Título: Sobe venda de medicamento livre...
Autor: Iolanda Nascimento
Fonte: Gazeta Mercantil, 10/12/2004, Indústria & Serviços, p. A10

O presidente da Abimip, Carlos Bara, explicou que os laboratórios aplicaram reajuste médio de 5% aos Mips - abaixo da média (entre 5,7% e 6,2%) de aumento determinada pelo governo para a relação de medicamentos com preço controlado - porque o mercado livre deixa espaço para a disputa entre as empresas, que ficam mais competitivas. "O não controle de preços implicou em reajustes mais baixos."

O crescimento deste ano, porém, não recupera as perdas que o segmento vem acumulando há sete anos, assim como todo o mercado farmacêutico nacional. O volume de vendas está em queda desde 1997 em decorrência, principalmente, do desemprego e do achatamento da renda. Bara observou que para recuperar os números de 1996 seria necessário um aumento de 20% nas vendas, o que ele acredita ser possível somente em três anos.

Neste ano, no ranking industrial de participação no mercado de Mips, em unidades, a Altana Pharma manteve a primeira colocação, com 6,9%, percentual igual ao de 2003. O laboratório Aventis Pharma deteve 6,1%, queda ante os 6,7% do ano passado, mas manteve a segunda colocação. A DM (Dorsay), em terceiro lugar, também apurou queda: passou de 6,4% em 2003 para 5,8% de participação este ano.

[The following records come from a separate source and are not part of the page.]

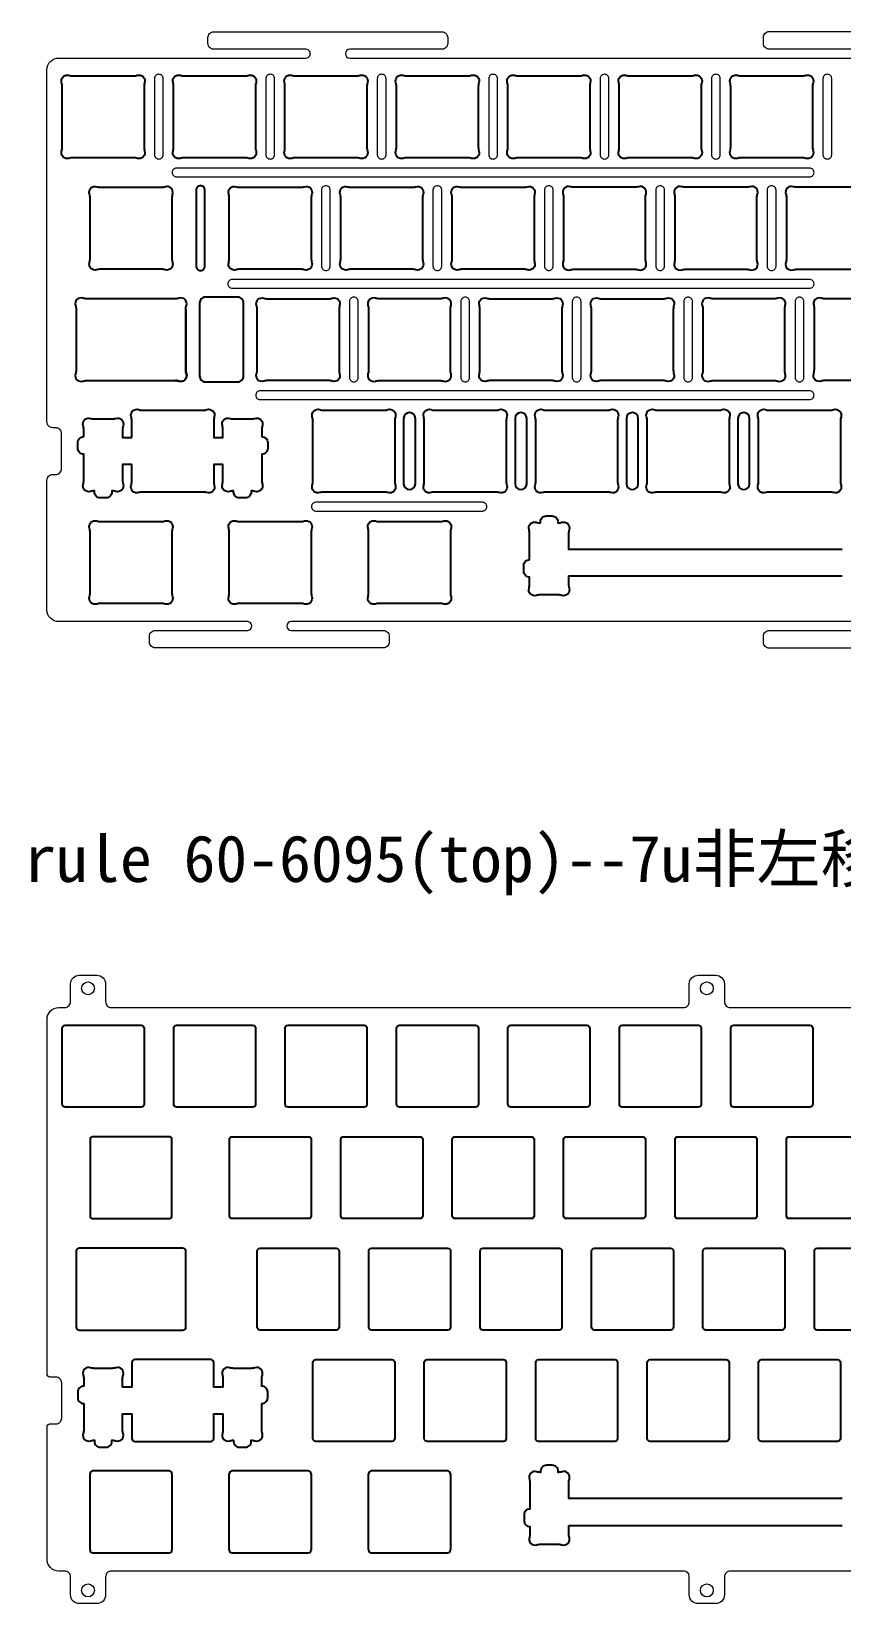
# Model space of a CAD drawing. Header units: millimetres. Extents: x 3201 to 5715, y 849 to 1652.
# Drawn here: x 4251.4 to 4389.7, y 1210.3 to 1479.1 of the extents above; entities that cross this region are included whole.
import ezdxf

# ---------------------------------------------------------------- set-up
doc = ezdxf.new("R2010")
doc.units = ezdxf.units.MM
doc.layers.add('1', color=7, linetype='Continuous', lineweight=0)
doc.layers.add('定位板 v10 v5 v1_定位板 v10 v5_定位板 v9_Sketch2', color=7, linetype='Continuous')
doc.styles.add('MtXpl_', font='')
doc.styles.get('MtXpl_').set_extended_font_data('SimSun')

msp = doc.modelspace()

# ---------------------------------------------------------------- linework, layer by layer
at = {"color": 0}
msp.add_line((4343.23, 1385.95), (4390.01, 1385.95), dxfattribs=at)
at = {"color": 7}
for p, q in [((4370.67, 1250.19), (4370.67, 1239.75)), ((4343.27, 1223.62), (4390.01, 1223.62))]:
    msp.add_line(p, q, dxfattribs=at)
at = {"color": 7, "linetype": 'Continuous', "lineweight": 25}
for p, q in [((4261.42, 1219.42), (4261.42, 1232.42)), ((4275.42, 1232.42), (4275.42, 1219.42)), ((4285.23, 1219.42), (4285.23, 1232.42)), ((4299.23, 1232.42), (4299.23, 1219.42)), ((4309.04, 1219.42), (4309.04, 1232.42)), ((4323.04, 1232.42), (4323.04, 1219.42))]:
    msp.add_line(p, q, dxfattribs=at)
at = {"color": 7}
for points in [[(4258.43, 1457.45, 0.078597), (4257.82, 1457.35, -0.612516), (4256.56, 1458.61, 0.078597), (4256.65, 1459.23), (4256.65, 1469.67, 0.095705), (4256.56, 1470.29, -0.612516), (4257.82, 1471.55, 0.078597), (4258.43, 1471.45), (4268.88, 1471.45, 0.078597), (4269.49, 1471.55, -0.612516), (4270.75, 1470.29, 0.078597), (4270.65, 1469.67), (4270.65, 1459.23, 0.078597), (4270.75, 1458.61, -0.612516), (4269.49, 1457.35, 0.078597), (4268.88, 1457.45)], [(4276.87, 1471.55, 0.078597), (4277.48, 1471.45), (4287.93, 1471.45, 0.078597), (4288.54, 1471.55, -0.612516), (4289.8, 1470.29, 0.078597), (4289.7, 1469.67), (4289.7, 1459.23, 0.078597), (4289.8, 1458.61, -0.612516), (4288.54, 1457.35, 0.078597), (4287.93, 1457.45), (4277.48, 1457.45, 0.078597), (4276.87, 1457.35, -0.612516), (4275.61, 1458.61, 0.078597), (4275.7, 1459.23), (4275.7, 1469.67, 0.078597), (4275.61, 1470.29, -0.612516)], [(4307.59, 1457.35, 0.078597), (4306.98, 1457.45), (4296.53, 1457.45, 0.078597), (4295.92, 1457.35, -0.612516), (4294.66, 1458.61, 0.078597), (4294.75, 1459.23), (4294.75, 1469.67, 0.078597), (4294.66, 1470.29, -0.612516), (4295.92, 1471.55, 0.078597), (4296.53, 1471.45), (4306.98, 1471.45, 0.078597), (4307.59, 1471.55, -0.612516), (4308.85, 1470.29, 0.078597), (4308.75, 1469.67), (4308.75, 1459.23, 0.078597), (4308.85, 1458.61, -0.612516)], [(4327.9, 1470.29, 0.078597), (4327.8, 1469.67), (4327.8, 1459.23, 0.078597), (4327.9, 1458.61, -0.612516), (4326.64, 1457.35, 0.078597), (4326.03, 1457.45), (4315.58, 1457.45, 0.078597), (4314.97, 1457.35, -0.612516), (4313.71, 1458.61, 0.078597), (4313.8, 1459.23), (4313.8, 1469.67, 0.078597), (4313.71, 1470.29, -0.612516), (4314.97, 1471.55, 0.078597), (4315.58, 1471.45), (4326.03, 1471.45, 0.078597), (4326.64, 1471.55, -0.612516)], [(4334.63, 1457.45, 0.078597), (4334.02, 1457.35, -0.612516), (4332.76, 1458.61, 0.078597), (4332.85, 1459.23), (4332.85, 1469.67, 0.078597), (4332.76, 1470.29, -0.612516), (4334.02, 1471.55, 0.078597), (4334.63, 1471.45), (4345.08, 1471.45, 0.078597), (4345.69, 1471.55, -0.612516), (4346.95, 1470.29, 0.095705), (4346.85, 1469.67), (4346.85, 1459.23, 0.078597), (4346.95, 1458.61, -0.612516), (4345.69, 1457.35, 0.078597), (4345.08, 1457.45)], [(4366, 1470.29, 0.078597), (4365.9, 1469.67), (4365.9, 1459.23, 0.078597), (4366, 1458.61, -0.612516), (4364.74, 1457.35, 0.078597), (4364.12, 1457.45), (4353.68, 1457.45, 0.078597), (4353.07, 1457.35, -0.612516), (4351.81, 1458.61, 0.078597), (4351.9, 1459.23), (4351.9, 1469.67, 0.078597), (4351.81, 1470.29, -0.612516), (4353.07, 1471.55, 0.078597), (4353.68, 1471.45), (4364.12, 1471.45, 0.078597), (4364.74, 1471.55, -0.612516)], [(4383.79, 1457.35, 0.078597), (4383.17, 1457.45), (4372.73, 1457.45, 0.078597), (4372.12, 1457.35, -0.612516), (4370.86, 1458.61, 0.078597), (4370.95, 1459.23), (4370.95, 1469.67, 0.078597), (4370.86, 1470.29, -0.612516), (4372.12, 1471.55, 0.078597), (4372.73, 1471.45), (4383.17, 1471.45, 0.078597), (4383.79, 1471.55, -0.612516), (4385.05, 1470.29, 0.078597), (4384.95, 1469.67), (4384.95, 1459.23, 0.078597), (4385.05, 1458.61, -0.612516)], [(4286.39, 1452.5, 0.078597), (4287.01, 1452.4), (4297.45, 1452.4, 0.078597), (4298.07, 1452.5, -0.612516), (4299.33, 1451.24, 0.078597), (4299.23, 1450.62), (4299.23, 1440.18, 0.078597), (4299.33, 1439.56, -0.612516), (4298.07, 1438.3, 0.078597), (4297.45, 1438.4), (4287.01, 1438.4, 0.078597), (4286.39, 1438.3, -0.612516), (4285.13, 1439.56, 0.078597), (4285.23, 1440.18), (4285.23, 1450.62, 0.078597), (4285.13, 1451.24, -0.612516)], [(4305.44, 1452.5, 0.078597), (4306.06, 1452.4), (4316.5, 1452.4, 0.078597), (4317.12, 1452.5, -0.612516), (4318.38, 1451.24, 0.078597), (4318.28, 1450.62), (4318.28, 1440.18, 0.078597), (4318.38, 1439.56, -0.612516), (4317.12, 1438.3, 0.078597), (4316.5, 1438.4), (4306.06, 1438.4, 0.078597), (4305.44, 1438.3, -0.612516), (4304.18, 1439.56, 0.078597), (4304.28, 1440.18), (4304.28, 1450.62, 0.078597), (4304.18, 1451.24, -0.612516)], [(4337.43, 1451.24, 0.078597), (4337.33, 1450.62), (4337.33, 1440.18, 0.078597), (4337.43, 1439.56, -0.612516), (4336.17, 1438.3, 0.078597), (4335.55, 1438.4), (4325.11, 1438.4, 0.078597), (4324.49, 1438.3, -0.612516), (4323.23, 1439.56, 0.078597), (4323.33, 1440.18), (4323.33, 1450.62, 0.078597), (4323.23, 1451.24, -0.612516), (4324.49, 1452.5, 0.078597), (4325.11, 1452.4), (4335.55, 1452.4, 0.078597), (4336.17, 1452.5, -0.612516)], [(4356.48, 1451.24, 0.612516), (4355.22, 1452.5, -0.078597), (4354.6, 1452.4), (4344.16, 1452.4, -0.078597), (4343.54, 1452.5, 0.612516), (4342.28, 1451.24, -0.078597), (4342.38, 1450.62), (4342.38, 1440.18, -0.078597), (4342.28, 1439.56, 0.612516), (4343.54, 1438.3, -0.078597), (4344.16, 1438.4), (4354.6, 1438.4, -0.078597), (4355.22, 1438.3, 0.612516), (4356.48, 1439.56, -0.078597), (4356.38, 1440.18), (4356.38, 1450.62, -0.078597)], [(4375.53, 1451.24, 0.612516), (4374.27, 1452.5, -0.078597), (4373.65, 1452.4), (4363.21, 1452.4, -0.078597), (4362.59, 1452.5, 0.612516), (4361.33, 1451.24, -0.078597), (4361.43, 1450.62), (4361.43, 1440.18, -0.078597), (4361.33, 1439.56, 0.612516), (4362.59, 1438.3, -0.078597), (4363.21, 1438.4), (4373.65, 1438.4, -0.078597), (4374.27, 1438.3, 0.612516), (4375.53, 1439.56, -0.078597), (4375.43, 1440.18), (4375.43, 1450.62, -0.078597)], [(4380.38, 1439.56, 0.612516), (4381.64, 1438.3, -0.078597), (4382.26, 1438.4), (4392.7, 1438.4, -0.078597), (4393.32, 1438.3, 0.612516), (4394.58, 1439.56, -0.078597), (4394.48, 1440.18), (4394.48, 1450.62, -0.078597), (4394.58, 1451.24, 0.612516), (4393.32, 1452.5, -0.078597), (4392.7, 1452.4), (4382.26, 1452.4, -0.078597), (4381.64, 1452.5, 0.612516), (4380.38, 1451.24, -0.078597), (4380.48, 1450.62), (4380.48, 1440.18, -0.078597)], [(4276.02, 1419.35, -0.078597), (4276.64, 1419.25, 0.612516), (4277.89, 1420.51, -0.078597), (4277.8, 1421.13), (4277.8, 1431.57, -0.078597), (4277.89, 1432.19, 0.612516), (4276.64, 1433.45, -0.078597), (4276.02, 1433.35), (4260.81, 1433.35, -0.078597), (4260.19, 1433.45, 0.612516), (4258.93, 1432.19, -0.078597), (4259.03, 1431.57), (4259.03, 1421.13, -0.078597), (4258.93, 1420.51, 0.612516), (4260.19, 1419.25, -0.078597), (4260.81, 1419.35)], [(4304.09, 1420.51, -0.612516), (4302.83, 1419.25, 0.078597), (4302.21, 1419.35), (4291.77, 1419.35, 0.078597), (4291.15, 1419.25, -0.612516), (4289.89, 1420.51, 0.078597), (4289.99, 1421.13), (4289.99, 1431.57, 0.078597), (4289.89, 1432.19, -0.612516), (4291.15, 1433.45, 0.078597), (4291.77, 1433.35), (4302.21, 1433.35, 0.078597), (4302.83, 1433.45, -0.612516), (4304.09, 1432.19, 0.078597), (4303.99, 1431.57), (4303.99, 1421.13, 0.078597)], [(4310.2, 1433.45, 0.612516), (4308.94, 1432.19, -0.078597), (4309.04, 1431.57), (4309.04, 1421.13, -0.078597), (4308.94, 1420.51, 0.612516), (4310.2, 1419.25, -0.078597), (4310.82, 1419.35), (4321.26, 1419.35, -0.078597), (4321.88, 1419.25, 0.612516), (4323.14, 1420.51, -0.078597), (4323.04, 1421.13), (4323.04, 1431.57, -0.078597), (4323.14, 1432.19, 0.612516), (4321.88, 1433.45, -0.078597), (4321.26, 1433.35), (4310.82, 1433.35, -0.078597)], [(4359.98, 1419.25, 0.078597), (4359.36, 1419.35), (4348.92, 1419.35, 0.078597), (4348.3, 1419.25, -0.612516), (4347.04, 1420.51, 0.078597), (4347.14, 1421.13), (4347.14, 1431.57, 0.078597), (4347.04, 1432.19, -0.612516), (4348.3, 1433.45, 0.078597), (4348.92, 1433.35), (4359.36, 1433.35, 0.078597), (4359.98, 1433.45, -0.612516), (4361.24, 1432.19, 0.078597), (4361.14, 1431.57), (4361.14, 1421.13, 0.078597), (4361.24, 1420.51, -0.612516)], [(4380.29, 1432.19, 0.612516), (4379.03, 1433.45, -0.078597), (4378.41, 1433.35), (4367.97, 1433.35, -0.078597), (4367.35, 1433.45, 0.612516), (4366.09, 1432.19, -0.078597), (4366.19, 1431.57), (4366.19, 1421.13, -0.078597), (4366.09, 1420.51, 0.612516), (4367.35, 1419.25, -0.078597), (4367.97, 1419.35), (4378.41, 1419.35, -0.078597), (4379.03, 1419.25, 0.612516), (4380.29, 1420.51, -0.078597), (4380.19, 1421.13), (4380.19, 1431.57, -0.078597)], [(4277.81, 1257.52), (4277.81, 1270.52, 0.414214), (4277.31, 1271.02), (4259.54, 1271.02, 0.414214), (4259.04, 1270.52), (4259.04, 1257.52, 0.414214), (4259.54, 1257.02), (4277.31, 1257.02, 0.414214)]]:
    msp.add_lwpolyline(points, format="xyb", close=True, dxfattribs=at)
for points in [[(4275.52, 1451.24, 0.078597), (4275.42, 1450.62), (4275.42, 1440.18, 0.078597), (4275.52, 1439.56, -0.612516), (4274.26, 1438.3, 0.078597), (4273.64, 1438.4), (4263.2, 1438.4, 0.078597), (4262.58, 1438.3, -0.612516), (4261.32, 1439.56, 0.078597), (4261.42, 1440.18), (4261.42, 1450.62, 0.078597), (4261.32, 1451.24, -0.612516), (4262.58, 1452.5, 0.078597), (4263.2, 1452.4), (4273.64, 1452.4, 0.078597), (4274.26, 1452.5)], [(4342.09, 1431.57), (4342.09, 1421.13, 0.078597), (4342.19, 1420.51, -0.612516), (4340.93, 1419.25, 0.078597), (4340.31, 1419.35), (4329.87, 1419.35, 0.078597), (4329.25, 1419.25, -0.612516), (4327.99, 1420.51, 0.078597), (4328.09, 1421.13), (4328.09, 1431.57, 0.078597), (4327.99, 1432.19, -0.612516), (4329.25, 1433.45, 0.078597), (4329.87, 1433.35), (4340.31, 1433.35, 0.078597), (4340.93, 1433.45, -0.612516), (4342.19, 1432.19, 0.078597), (4342.09, 1431.57)], [(4399.24, 1431.57, -0.078597), (4399.34, 1432.19, 0.612516), (4398.08, 1433.45, -0.078597), (4397.46, 1433.35), (4387.02, 1433.35, -0.078597), (4386.4, 1433.45, 0.612516), (4385.14, 1432.19, -0.078597), (4385.24, 1431.57), (4385.24, 1421.13)], [(4277.8, 1431.57), (4277.8, 1421.13, 0.078597), (4277.89, 1420.51, -0.612516), (4276.64, 1419.25, 0.078597), (4276.02, 1419.35)], [(4399.24, 1431.57), (4399.24, 1421.13, 0.078597), (4399.34, 1420.51, -0.612516), (4398.08, 1419.25, 0.078597), (4397.46, 1419.35), (4387.02, 1419.35, 0.078597), (4386.4, 1419.25, -0.612516), (4385.14, 1420.51, 0.078597), (4385.24, 1421.13)], [(4390.01, 1228.22), (4343.27, 1228.22), (4343.27, 1230.91, -0.078597), (4343.37, 1231.53, 0.612516), (4342.11, 1232.79, -0.078597), (4341.49, 1232.69), (4341.45, 1232.69), (4341.45, 1232.89, 0.414214), (4340.45, 1233.89), (4339.45, 1233.89, 0.414214), (4338.45, 1232.89), (4338.45, 1232.69), (4338.4, 1232.69, -0.078597), (4337.79, 1232.79, 0.612516), (4336.53, 1231.53, -0.078597), (4336.62, 1230.91), (4336.62, 1226.42, 0.414214), (4335.62, 1225.42), (4335.62, 1224.42, 0.414214), (4336.62, 1223.42), (4336.62, 1222.17, -0.078597), (4336.53, 1221.56, 0.612516), (4337.79, 1220.3, -0.078597), (4338.4, 1220.39), (4341.49, 1220.39, -0.078597), (4342.11, 1220.3, 0.612516), (4343.37, 1221.56, -0.078597), (4343.27, 1222.17), (4343.27, 1223.62)]]:
    msp.add_lwpolyline(points, format="xyb", dxfattribs=at)
at = {"color": 7, "linetype": 'Continuous'}
msp.add_lwpolyline([(4281.07, 1451.93, 0.414214), (4280.32, 1452.68, 0.414214), (4279.57, 1451.93), (4279.57, 1438.93, 0.414214), (4280.32, 1438.18, 0.414214), (4281.07, 1438.93)], format="xyb", close=True, dxfattribs=at)
for points in [[(4281.15, 1433.63, 0.414214), (4280.15, 1432.63), (4280.15, 1420.13, 0.414214), (4281.15, 1419.13), (4286.65, 1419.13, 0.414214), (4287.65, 1420.13), (4287.65, 1432.63, 0.414214), (4286.65, 1433.63)], [(4311.74, 1414.3, 0.078597), (4312.36, 1414.4, -0.612516), (4313.62, 1413.14, 0.078597), (4313.52, 1412.52), (4313.52, 1402.08, 0.078597), (4313.62, 1401.46, -0.612516), (4312.36, 1400.2, 0.078597), (4311.74, 1400.3), (4301.3, 1400.3, 0.078597), (4300.68, 1400.2, -0.612516), (4299.42, 1401.46, 0.078597), (4299.52, 1402.08), (4299.52, 1412.52, 0.078597), (4299.42, 1413.14, -0.612516), (4300.68, 1414.4, 0.078597), (4301.3, 1414.3)], [(4330.79, 1414.3, 0.078597), (4331.41, 1414.4, -0.612516), (4332.67, 1413.14, 0.078597), (4332.57, 1412.52), (4332.57, 1402.08, 0.078597), (4332.67, 1401.46, -0.612516), (4331.41, 1400.2, 0.078597), (4330.79, 1400.3), (4320.35, 1400.3, 0.078597), (4319.73, 1400.2, -0.612516), (4318.47, 1401.46, 0.078597), (4318.57, 1402.08), (4318.57, 1412.52, 0.078597), (4318.47, 1413.14, -0.612516), (4319.73, 1414.4, 0.078597), (4320.35, 1414.3)], [(4349.84, 1414.3, 0.078597), (4350.46, 1414.4, -0.612516), (4351.72, 1413.14, 0.078597), (4351.62, 1412.52), (4351.62, 1402.08, 0.078597), (4351.72, 1401.46, -0.612516), (4350.46, 1400.2, 0.078597), (4349.84, 1400.3), (4339.4, 1400.3, 0.078597), (4338.78, 1400.2, -0.612516), (4337.52, 1401.46, 0.078597), (4337.62, 1402.08), (4337.62, 1412.52, 0.078597), (4337.52, 1413.14, -0.612516), (4338.78, 1414.4, 0.078597), (4339.4, 1414.3)], [(4368.89, 1414.3, 0.078597), (4369.51, 1414.4, -0.612516), (4370.77, 1413.14, 0.078597), (4370.67, 1412.52), (4370.67, 1402.08, 0.078597), (4370.77, 1401.46, -0.612516), (4369.51, 1400.2, 0.078597), (4368.89, 1400.3), (4358.45, 1400.3, 0.078597), (4357.83, 1400.2, -0.612516), (4356.57, 1401.46, 0.078597), (4356.67, 1402.08), (4356.67, 1412.52, 0.078597), (4356.57, 1413.14, -0.612516), (4357.83, 1414.4, 0.078597), (4358.45, 1414.3)], [(4387.94, 1414.3, 0.078597), (4388.56, 1414.4, -0.612516), (4389.82, 1413.14, 0.078597), (4389.72, 1412.52), (4389.72, 1402.08, 0.078597), (4389.82, 1401.46, -0.612516), (4388.56, 1400.2, 0.078597), (4387.94, 1400.3), (4377.5, 1400.3, 0.078597), (4376.88, 1400.2, -0.612516), (4375.62, 1401.46, 0.078597), (4375.72, 1402.08), (4375.72, 1412.52, 0.078597), (4375.62, 1413.14, -0.612516), (4376.88, 1414.4, 0.078597), (4377.5, 1414.3)], [(4262.58, 1395.35, 0.078597), (4263.2, 1395.25), (4273.64, 1395.25, 0.078597), (4274.26, 1395.35, -0.612516), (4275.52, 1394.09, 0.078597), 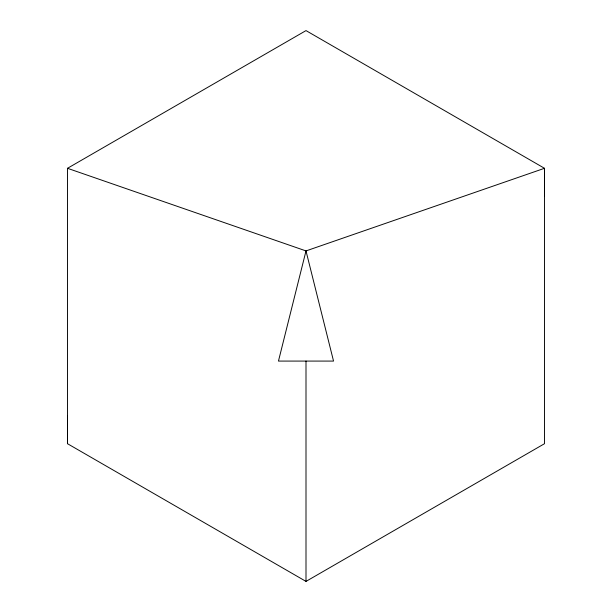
<?xml version="1.0" encoding="UTF-8"?>
<svg xmlns="http://www.w3.org/2000/svg" width="612" height="612" viewBox="0 0 612 612"><rect width="100%" height="100%" fill="white"/><g stroke="black" fill="none" stroke-linecap="round" stroke-linejoin="round"><path stroke-width="0.92" d="M67.496 443.7L67.496 168.3L306 30.6L544.504 168.3L544.504 443.7L306 581.4L67.496 443.7L67.496 416.16M544.504 195.84L544.504 168.3L306 250.92L67.496 168.3M306 361.08L306 581.4M306 250.92L278.46 361.08L333.54 361.08L306 250.92"/></g></svg>

As expectativas da Abimip para 2005 acompanham a euforia de crescimento esperada para a economia em geral. "Se o PIB continuar crescendo, certamente o segmento irá se beneficiar." Bara estima para o próximo ano crescimento igual ao deste ano, de 10% no faturamento e 5% no volume. Entretanto, a entidade promete trabalhar bastante para solidificar a imagem institucional do segmento e, conseqüentemente, ajudar a engrossar os números.

A Abimip intensificou neste ano suas estratégias para dar maior visibilidade e fortalecer a entidade e tem investido em média R$ 500 mil por ano em pesquisas, eventos, publicidade e campanhas educativas voltadas para a população, entre outras iniciativas que visam a mudar conceitos sobre o uso de Mip e consolidar a participação da indústria nas ações regulatórias que afetam o mercado. Para 2005, ela está preparando, em parceria com o Conselho Federal de Farmácia, uma campanha sobre o consumo consciente de medicamentos isentos e planeja afixar cartazes educativos nas mais de 50 mil farmácias do Brasil, durante todo o ano. "Queremos estimular, entre outras coisas, que o paciente se aconselhe com o farmacêutico antes de tomar um remédio."

Bara disse que as iniciativas têm por objetivo também derrubar o mito de que o brasileiro consome muito medicamento. "Nada justifica esse título. Não há renda para isso", disse Bara, que se ampara em estatísticas mundiais para derrubar o conceito. Pesquisas do IMS Health mostram que o gasto per capita no Brasil é de US$ 6 em média por ano com remédios, inferior aos US$ 10 gastos pelos mexicanos, US$ 11 pelos venezuelanos e US$ 61 pelos franceses. São sete caixas de medicamentos per capita por ano no Brasil, ante dez no México, 13 na Venezuela e 48 na França.